Kotakuで、Wii/GameCubeエミュレータDolphinがSteamから排除されたのは任天堂によるビデオゲームエンジニアやディベロッパーを保護するための方策だったと伝えていました。
DolphinチームはSteamで配信予定だったDolphinについてDMCAテイクダウンによりSteamでの配信無期限延期を発表しました。「削除要請は任天堂から出されたものではなく、Valveが任天堂に対して報告をし任天堂がそれに応じ通知を出した」とお伝えしましたが、実際はエミュレータを配布すると知的財産権侵害だと任天堂が懸念を伝えたためValveが自主的にページを削除したという話だったようです。任天堂が直接削除要請をしたわけではないという話が回り回って変遷していたっぽい感じです。

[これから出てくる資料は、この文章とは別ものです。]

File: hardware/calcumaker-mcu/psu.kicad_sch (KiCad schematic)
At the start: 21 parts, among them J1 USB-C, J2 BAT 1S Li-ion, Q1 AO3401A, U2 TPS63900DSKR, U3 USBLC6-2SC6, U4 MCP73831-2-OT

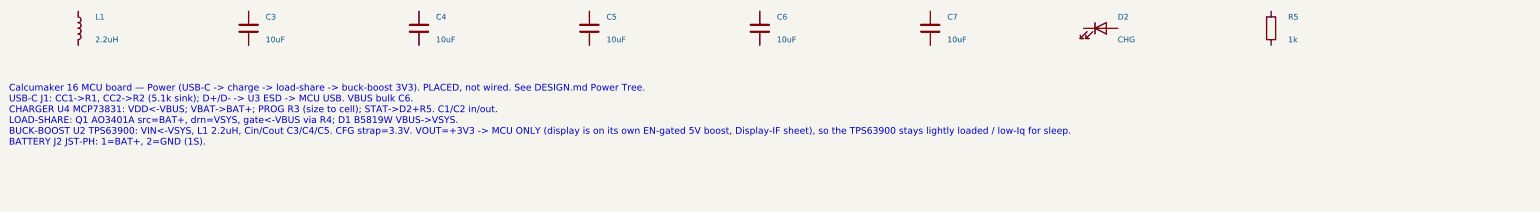
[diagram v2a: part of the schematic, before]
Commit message: hardware: MCU -> STM32U575RGT6 (LQFP-64) + 4MB QSPI flash; monospace wiring notes
MCU package + external flash
- Swap U1 STM32U575ZGT6 (LQFP-144) -> STM32U575RGT6 (LQFP-64, LCSC C5270980).
  The firmware links at ~323 KB so 1 MB flash is ample (~3x headroom), and with
  the key matrix scanned off-board the LQFP-64 has enough GPIO — smaller/cheaper.
- Correct the flash size everywhere: the STM32 `G` code = 1 MB (not 2 MB; the
  `I` parts are 2 MB). memory.x FLASH 2048K -> 1024K; .cargo runner -> RGTx.
- Add U7 W25Q32JVSSIQ, a 4 MB (32 Mbit) quad-SPI NOR (LCSC C179173, SOIC-8) on
  OCTOSPI1 as a new QSPIFlash sheet (+ R9 CS# pull-up + C26 decoupling) for
  memory-mapped (XIP) constants + state/program storage.
- mcu board 52 -> 55 components / 7 sheets. Docs (DESIGN.md, PARTS.md, READMEs,
  CLAUDE/AGENTS) updated; availability ladder now lists RGT6/VGT6/ZGT6.

Monospace, multi-line schematic wiring notes
- kschgen text_note() now renders notes in a monospace font (Courier New) so
  tables/columns line up; add note_block() + pin_table() helpers.
- Reformat all 14 per-sheet notes into titled, multi-line, aligned blocks —
  connector pinouts as PIN/SIGNAL tables, power/MCU sheets as wiring blocks.

The regenerated schematics carry both changes, so this is one commit. All three
boards regenerate + pass the structure check (mcu 55 / keyboard 119 / display
60, no duplicate refs).

Co-Authored-By: Claude Opus 4.8 (1M context) <noreply@anthropic.com>
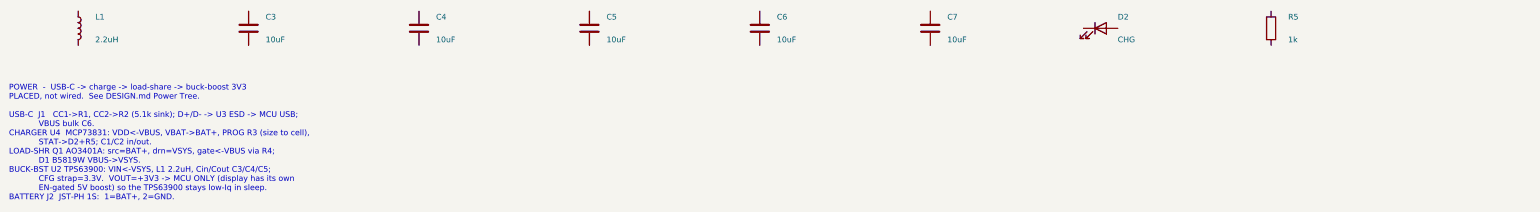
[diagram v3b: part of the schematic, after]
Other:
- note added: "POWER - USB-C -> charge -> load-share -> buck-boost 3V3 PLACED, not wired. See DESIGN.md Power Tree. USB-C J1 CC1->R1, CC2->R2 (5.1k sink); D+/D- -> U3 ESD -> MCU USB; VBUS bulk C6. CHARGER U4 MCP73831: VDD<-VBUS, VBAT->BAT+, PROG R3 (size to cell), STAT->D2+R5; C1/C2 in/out. LOAD-SHR Q1 AO3401A: src=BAT+, drn=VSYS, gate<-VBUS via R4; D1 B5819W VBUS->VSYS. BUCK-BST U2 TPS63900: VIN<-VSYS, L1 2.2u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"
- note removed: "Calcumaker 16 MCU board — Power (USB-C -> charge -> load-share -> buck-boost 3V3). PLACED, not wired. See DESIGN.md Power Tree. USB-C J1: CC1->R1, CC2->R2 (5.1k sink); D+/D- -> U3 ESD -> MCU USB. VBUS bulk C6. CHARGER U4 MCP73831: VDD<-VBUS; VBAT->BAT+; PROG R3 (size to cell); STAT->D2+R5. C1/C2 in/out. LOAD-SHARE: Q1 AO3401A src=BAT+, drn=VSYS, gate<-VBUS via R4; D1 B5819W VBUS->VSYS. BUCK-BOOST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"
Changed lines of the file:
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@@
 	(title_block
 		(title "Calcumaker 16 — MCU — USB-C / Li-ion charge / load-share / buck-boost")
-		(date "2026-07-05")
-		(rev "0.2")
+		(date "2026-07-06")
+		(rev "0.3")
 		(company "calcumaker authors")
 	)
@@
 		(instances
 			(project "calcumaker-mcu"
-				(path "/ca1c0000-0000-4000-8000-00000000ma01/672f4fa7-1cc1-4703-8edf-f066cdb44902"
+				(path "/ca1c0000-0000-4000-8000-00000000ma01/eb68b384-3231-4c3a-becc-31213731c008"
 					(reference "J1")
 					(unit 1)
@@
 		(instances
 			(project "calcumaker-mcu"
-				(path "/ca1c0000-0000-4000-8000-00000000ma01/672f4fa7-1cc1-4703-8edf-f066cdb44902"
+				(path "/ca1c0000-0000-4000-8000-00000000ma01/eb68b384-3231-4c3a-becc-31213731c008"
 					(reference "J2")
 					(unit 1)
@@
 		(instances
 			(project "calcumaker-mcu"
-				(path "/ca1c0000-0000-4000-8000-00000000ma01/672f4fa7-1cc1-4703-8edf-f066cdb44902"
+				(path "/ca1c0000-0000-4000-8000-00000000ma01/eb68b384-3231-4c3a-becc-31213731c008"
 					(reference "U2")
 					(unit 1)
@@
 		(instances
 			(project "calcumaker-mcu"
-				(path "/ca1c0000-0000-4000-8000-00000000ma01/672f4fa7-1cc1-4703-8edf-f066cdb44902"
+				(path "/ca1c0000-0000-4000-8000-00000000ma01/eb68b384-3231-4c3a-becc-31213731c008"
 					(reference "U3")
 					(unit 1)
@@
 		(instances
 			(project "calcumaker-mcu"
-				(path "/ca1c0000-0000-4000-8000-00000000ma01/672f4fa7-1cc1-4703-8edf-f066cdb44902"
+				(path "/ca1c0000-0000-4000-8000-00000000ma01/eb68b384-3231-4c3a-becc-31213731c008"
 					(reference "R1")
 					(unit 1)
@@
 		(instances
 			(project "calcumaker-mcu"
-				(path "/ca1c0000-0000-4000-8000-00000000ma01/672f4fa7-1cc1-4703-8edf-f066cdb44902"
+				(path "/ca1c0000-0000-4000-8000-00000000ma01/eb68b384-3231-4c3a-becc-31213731c008"
 					(reference "R2")
 					(unit 1)
@@
 		(instances
 			(project "calcumaker-mcu"
-				(path "/ca1c0000-0000-4000-8000-00000000ma01/672f4fa7-1cc1-4703-8edf-f066cdb44902"
+				(path "/ca1c0000-0000-4000-8000-00000000ma01/eb68b384-3231-4c3a-becc-31213731c008"
 					(reference "U4")
 					(unit 1)
@@
 		(instances
 			(project "calcumaker-mcu"
-				(path "/ca1c0000-0000-4000-8000-00000000ma01/672f4fa7-1cc1-4703-8edf-f066cdb44902"
+				(path "/ca1c0000-0000-4000-8000-00000000ma01/eb68b384-3231-4c3a-becc-31213731c008"
 					(reference "R3")
 					(unit 1)
@@
 		(instances
 			(project "calcumaker-mcu"
-				(path "/ca1c0000-0000-4000-8000-00000000ma01/672f4fa7-1cc1-4703-8edf-f066cdb44902"
+				(path "/ca1c0000-0000-4000-8000-00000000ma01/eb68b384-3231-4c3a-becc-31213731c008"
 					(reference "C1")
 					(unit 1)
@@
 		(instances
 			(project "calcumaker-mcu"
-				(path "/ca1c0000-0000-4000-8000-00000000ma01/672f4fa7-1cc1-4703-8edf-f066cdb44902"
+				(path "/ca1c0000-0000-4000-8000-00000000ma01/eb68b384-3231-4c3a-becc-31213731c008"
 					(reference "C2")
 					(unit 1)
@@
 		(instances
 			(project "calcumaker-mcu"
-				(path "/ca1c0000-0000-4000-8000-00000000ma01/672f4fa7-1cc1-4703-8edf-f066cdb44902"
+				(path "/ca1c0000-0000-4000-8000-00000000ma01/eb68b384-3231-4c3a-becc-31213731c008"
 					(reference "Q1")
 					(unit 1)
@@
 		(instances
 			(project "calcumaker-mcu"
-				(path "/ca1c0000-0000-4000-8000-00000000ma01/672f4fa7-1cc1-4703-8edf-f066cdb44902"
+				(path "/ca1c0000-0000-4000-8000-00000000ma01/eb68b384-3231-4c3a-becc-31213731c008"
 					(reference "D1")
 					(unit 1)
@@
 		(instances
 			(project "calcumaker-mcu"
-				(path "/ca1c0000-0000-4000-8000-00000000ma01/672f4fa7-1cc1-4703-8edf-f066cdb44902"
+				(path "/ca1c0000-0000-4000-8000-00000000ma01/eb68b384-3231-4c3a-becc-31213731c008"
 					(reference "R4")
 					(unit 1)
@@
 		(instances
 			(project "calcumaker-mcu"
-				(path "/ca1c0000-0000-4000-8000-00000000ma01/672f4fa7-1cc1-4703-8edf-f066cdb44902"
+				(path "/ca1c0000-0000-4000-8000-00000000ma01/eb68b384-3231-4c3a-becc-31213731c008"
 					(reference "L1")
 					(unit 1)
@@
 		(instances
 			(project "calcumaker-mcu"
-				(path "/ca1c0000-0000-4000-8000-00000000ma01/672f4fa7-1cc1-4703-8edf-f066cdb44902"
+				(path "/ca1c0000-0000-4000-8000-00000000ma01/eb68b384-3231-4c3a-becc-31213731c008"
 					(reference "C3")
 					(unit 1)
@@
 		(instances
 			(project "calcumaker-mcu"
-				(path "/ca1c0000-0000-4000-8000-00000000ma01/672f4fa7-1cc1-4703-8edf-f066cdb44902"
+				(path "/ca1c0000-0000-4000-8000-00000000ma01/eb68b384-3231-4c3a-becc-31213731c008"
 					(reference "C4")
 					(unit 1)
@@
 		(instances
 			(project "calcumaker-mcu"
-				(path "/ca1c0000-0000-4000-8000-00000000ma01/672f4fa7-1cc1-4703-8edf-f066cdb44902"
+				(path "/ca1c0000-0000-4000-8000-00000000ma01/eb68b384-3231-4c3a-becc-31213731c008"
 					(reference "C5")
 					(unit 1)
@@
 		(instances
 			(project "calcumaker-mcu"
-				(path "/ca1c0000-0000-4000-8000-00000000ma01/672f4fa7-1cc1-4703-8edf-f066cdb44902"
+				(path "/ca1c0000-0000-4000-8000-00000000ma01/eb68b384-3231-4c3a-becc-31213731c008"
 					(reference "C6")
 					(unit 1)
@@
 		(instances
 			(project "calcumaker-mcu"
-				(path "/ca1c0000-0000-4000-8000-00000000ma01/672f4fa7-1cc1-4703-8edf-f066cdb44902"
+				(path "/ca1c0000-0000-4000-8000-00000000ma01/eb68b384-3231-4c3a-becc-31213731c008"
 					(reference "C7")
 					(unit 1)
@@
 		(instances
 			(project "calcumaker-mcu"
-				(path "/ca1c0000-0000-4000-8000-00000000ma01/672f4fa7-1cc1-4703-8edf-f066cdb44902"
+				(path "/ca1c0000-0000-4000-8000-00000000ma01/eb68b384-3231-4c3a-becc-31213731c008"
 					(reference "D2")
 					(unit 1)
@@
 		(instances
 			(project "calcumaker-mcu"
-				(path "/ca1c0000-0000-4000-8000-00000000ma01/672f4fa7-1cc1-4703-8edf-f066cdb44902"
+				(path "/ca1c0000-0000-4000-8000-00000000ma01/eb68b384-3231-4c3a-becc-31213731c008"
 					(reference "R5")
 					(unit 1)
@@
 		)
 	)
-	(text "Calcumaker 16 MCU board — Power (USB-C -> charge -> load-share -> buck-boost 3V3). PLACED, not wired. See DESIGN.md Power Tree.\nUSB-C J1: CC1->R1, CC2->R2 (5.1k sink); D+/D- -> U3 ESD -> MCU USB. VBUS bulk C6.\nCHARGER U4 MCP73831: VDD<-VBUS; VBAT->BAT+; PROG R3 (size to cell); STAT->D2+R5. C1/C2 in/out.\nLOAD-SHARE: Q1 AO3401A src=BAT+, drn=VSYS, gate<-VBUS via R4; D1 B5819W VBUS->VSYS.\nBUCK-BOOST U2 TPS63900: VIN<-VSYS, L1 2.2uH, Cin/Cout C3/C4/C5. CFG strap=3.3V. VOUT=+3V3 -> MCU ONLY (display is on its own EN-gated 5V boost, Display-IF sheet), so the TPS63900 stays lightly loaded / low-Iq for sleep.\nBATTERY J2 JST-PH: 1=BAT+, 2=GND (1S)."
+	(text "POWER  -  USB-C -> charge -> load-share -> buck-boost 3V3\nPLACED, not wired.  See DESIGN.md Power Tree.\n\nUSB-C  J1   CC1->R1, CC2->R2 (5.1k sink); D+/D- -> U3 ESD -> MCU USB;\n            VBUS bulk C6.\nCHARGER U4  MCP73831: VDD<-VBUS, VBAT->BAT+, PROG R3 (size to cell),\n            STAT->D2+R5; C1/C2 in/out.\nLOAD-SHR Q1 AO3401A: src=BAT+, drn=VSYS, gate<-VBUS via R4;\n            D1 B5819W VBUS->VSYS.\nBUCK-BST U2 TPS63900: VIN<-VSYS, L1 2.2uH, Cin/Cout C3/C4/C5;\n            CFG strap=3.3V.  VOUT=+3V3 -> MCU ONLY (display has its own\n            EN-gated 5V boost) so the TPS63900 stays low-Iq in sleep.\nBATTERY J2  JST-PH 1S:  1=BAT+, 2=GND."
 		(exclude_from_sim no)
 		(at 15.00 165.00 0)
-		(effects (font (size 1.5 1.5)) (justify left top))
+		(effects (font (face "Courier New") (size 1.27 1.27)) (justify left top))
 	)
 	(sheet_instances

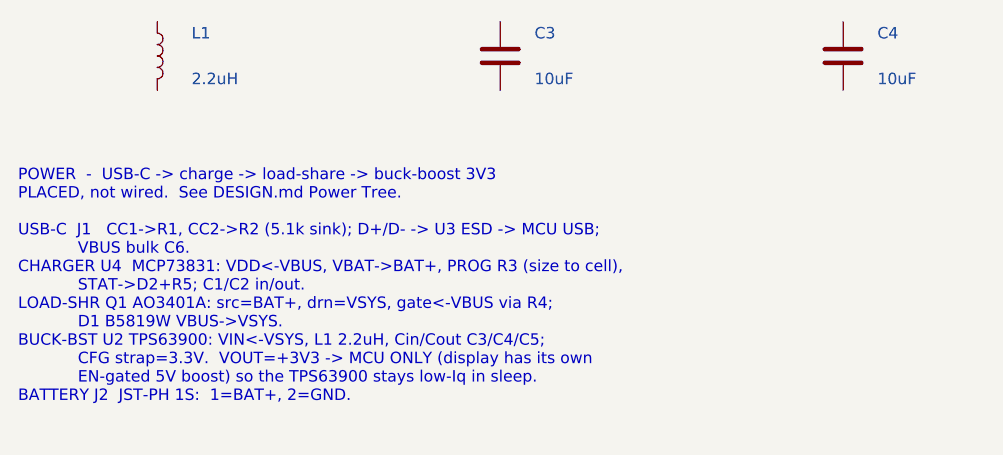
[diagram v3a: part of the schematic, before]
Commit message: hardware: per-key RGB hint lighting on the keyboard board (50x SK6805 on gated VSYS) (#4)
Add addressable RGB accent lighting that hints key positions / presses -- one
SK6805-EC15 (1.5x1.5mm, the smallest serial RGB with a KiCad footprint + real
LCSC stock, C2890035) beside each of the 50 keys, single-wire daisy chain off
one STM32G0 pin.

Power: the LEDs are ~5V parts and the keyboard rail is only 3.3V, so they run
off VSYS (the MCU board's load-shared battery/USB rail, ~3.7-4.7V) brought up a
WIDENED 12-pin mezzanine (10 -> 12: +VSYS +GND). A high-side P-FET load switch
(Q1 AO3401A + Q2 2N7002) gates the whole LED rail off in sleep (G0 LED_EN) to
protect battery life, and a 74LVC1G125 (powered from the gated rail) level-shifts
the 3.3V data up to the LED VIH.

- calcumaker-keyboard: new KeyLighting sheet (50x SK6805 D56-D105 + U2 shifter +
  Q1/Q2 load switch + R7-R10 / C6-C7); J1 mezzanine -> 12-pin DF40C-12DP
  (C6224952). 119 -> 178 components.
- calcumaker-mcu: J5 mezzanine -> 12-pin DF40B-12DS (C3641147); route VSYS.
- DF40 stack: the receptacle SUFFIX sets the mated height (none = 1.5mm,
  (2.0) = 2.0mm, H-series = 2.5-4.0mm), NOT the B/C letter; the DF40C plug is the
  common header -- so DF40C-12DP x DF40B-12DS is a valid 1.5mm stack, same as the
  original 10-pin (DF40C-12DS just isn't LCSC-stocked).
- DESIGN.md / PARTS.md / memory: RGB subsystem, 12-pin pinout, BOM rows, the
  sleep-gate + current-cap notes (firmware must cap total brightness; 50x
  full-white ~0.75A would exceed the DF40 / VSYS budget).

All three boards regenerate + pass the structure check (mcu 55 / keyboard 178 /
display 60, no duplicate refs).

Co-authored-by: Claude Opus 4.8 (1M context) <noreply@anthropic.com>
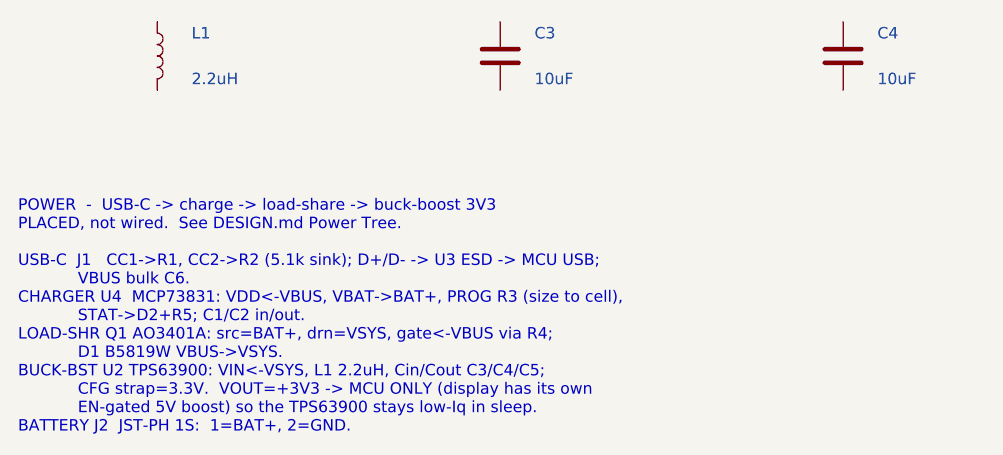
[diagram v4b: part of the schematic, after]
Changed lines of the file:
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@@
 	(text "POWER  -  USB-C -> charge -> load-share -> buck-boost 3V3\nPLACED, not wired.  See DESIGN.md Power Tree.\n\nUSB-C  J1   CC1->R1, CC2->R2 (5.1k sink); D+/D- -> U3 ESD -> MCU USB;\n            VBUS bulk C6.\nCHARGER U4  MCP73831: VDD<-VBUS, VBAT->BAT+, PROG R3 (size to cell),\n            STAT->D2+R5; C1/C2 in/out.\nLOAD-SHR Q1 AO3401A: src=BAT+, drn=VSYS, gate<-VBUS via R4;\n            D1 B5819W VBUS->VSYS.\nBUCK-BST U2 TPS63900: VIN<-VSYS, L1 2.2uH, Cin/Cout C3/C4/C5;\n            CFG strap=3.3V.  VOUT=+3V3 -> MCU ONLY (display has its own\n            EN-gated 5V boost) so the TPS63900 stays low-Iq in sleep.\nBATTERY J2  JST-PH 1S:  1=BAT+, 2=GND."
 		(exclude_from_sim no)
-		(at 15.00 165.00 0)
+		(at 15.00 168.40 0)
 		(effects (font (face "Courier New") (size 1.27 1.27)) (justify left top))
 	)

PC Gamerによると、Dolphin自体はSteamでまだ配布されていないためDMCAに基づく削除要請の重要要件である知的財産権侵害が現時点ではまだ発生していません。任天堂の発行した文書を確認した弁護士曰く、任天堂が出したものは実際にはDMCAに基づく削除通知ではなくDolphinがSteamでリリースされれば(任天堂の見解では)DMCAに違反するぞという警告を出したと考えられるとしています。
任天堂はValveに対して「知的財産権を侵害するものを配布している」という申し立てはしていないものの、DolphinがDMCAに違反するものだと明確に通知しています。もしValveがSteamでDolphinを配布した場合、任天堂はValveに対して何らかの法的措置を行う可能性を匂わせたことになります。
Valveはストアを通じてコンテンツを管理しているだけであることから、Dolphinの開発者と任天堂の間のいかなる紛争にも介入しないとして、DolphinのSteam内のページを削除したというのが今回の一部始終です。
PC Gamerが確認した任天堂の法的通知書によると、「無断で暗号鍵を使用してROMを復号化している」とDolphinを非難する内容が書かれていたようです。エミュレータ自体は合法ですが、エミュレータで著作権で保護されたコンテンツであるゲームROMのプロテクトを回避する方法をユーザーに提供することは任天堂の知的財産権侵害に当たる可能性があります。そのためValveはDolphinのページを削除しました。
Kotakuが今回の件について任天堂に問い合わせたところ、任天堂広報は「任天堂はビデオゲームエンジニアやディベロッパのハードワークと創造性を保護することに尽力していますが、このエミュレータは任天堂が施したプロテクトを違法に回避し、ゲームの違法コピーを実行できるようにしています。違法コピーを使用することはゲーム開発に悪影響を及ぼし、最終的にはイノベーションを阻害します。任天堂は他社の知的財産権を尊重しており、他社にも同様の対応を期待しています。」とのコメントを出しました。
任天堂がDolphinチームではなくValveへ矛先を向けた理由は不明ですが、ValveはSteam Deckでエミュレータ(YuzuやDolphin)を使い任天堂のゲームを起動させている動画公開した後、DMCAテイクダウンにより削除したことがあり、エミュレータに対して寛容な姿勢を取っていたことからそもそも任天堂が警戒していた可能性があります。
こういった問題は最終的には法廷闘争で決着を付けることになりますが、大企業とDolphinチームのような個人ないしは小規模なグループが争うとなると力関係が完全に不均衡ですので決着が法廷に持ち込まれることは非常に稀、大企業側の思惑通りに進むのが常です(過去にはPS3をJailbreakしたGeohot氏がソニーに訴訟を起こされたものの弁護士を雇って最終的にはソニーと和解に持ち込んだ例はありますが)。
Valveはコンテンツページを削除するだけで済みますが、Dolphinチームとしては任天堂に法的措置を取られないようにするためには、Dolphin内ではROMのプロテクトを回避できないようにするしか方法はないかもしれません。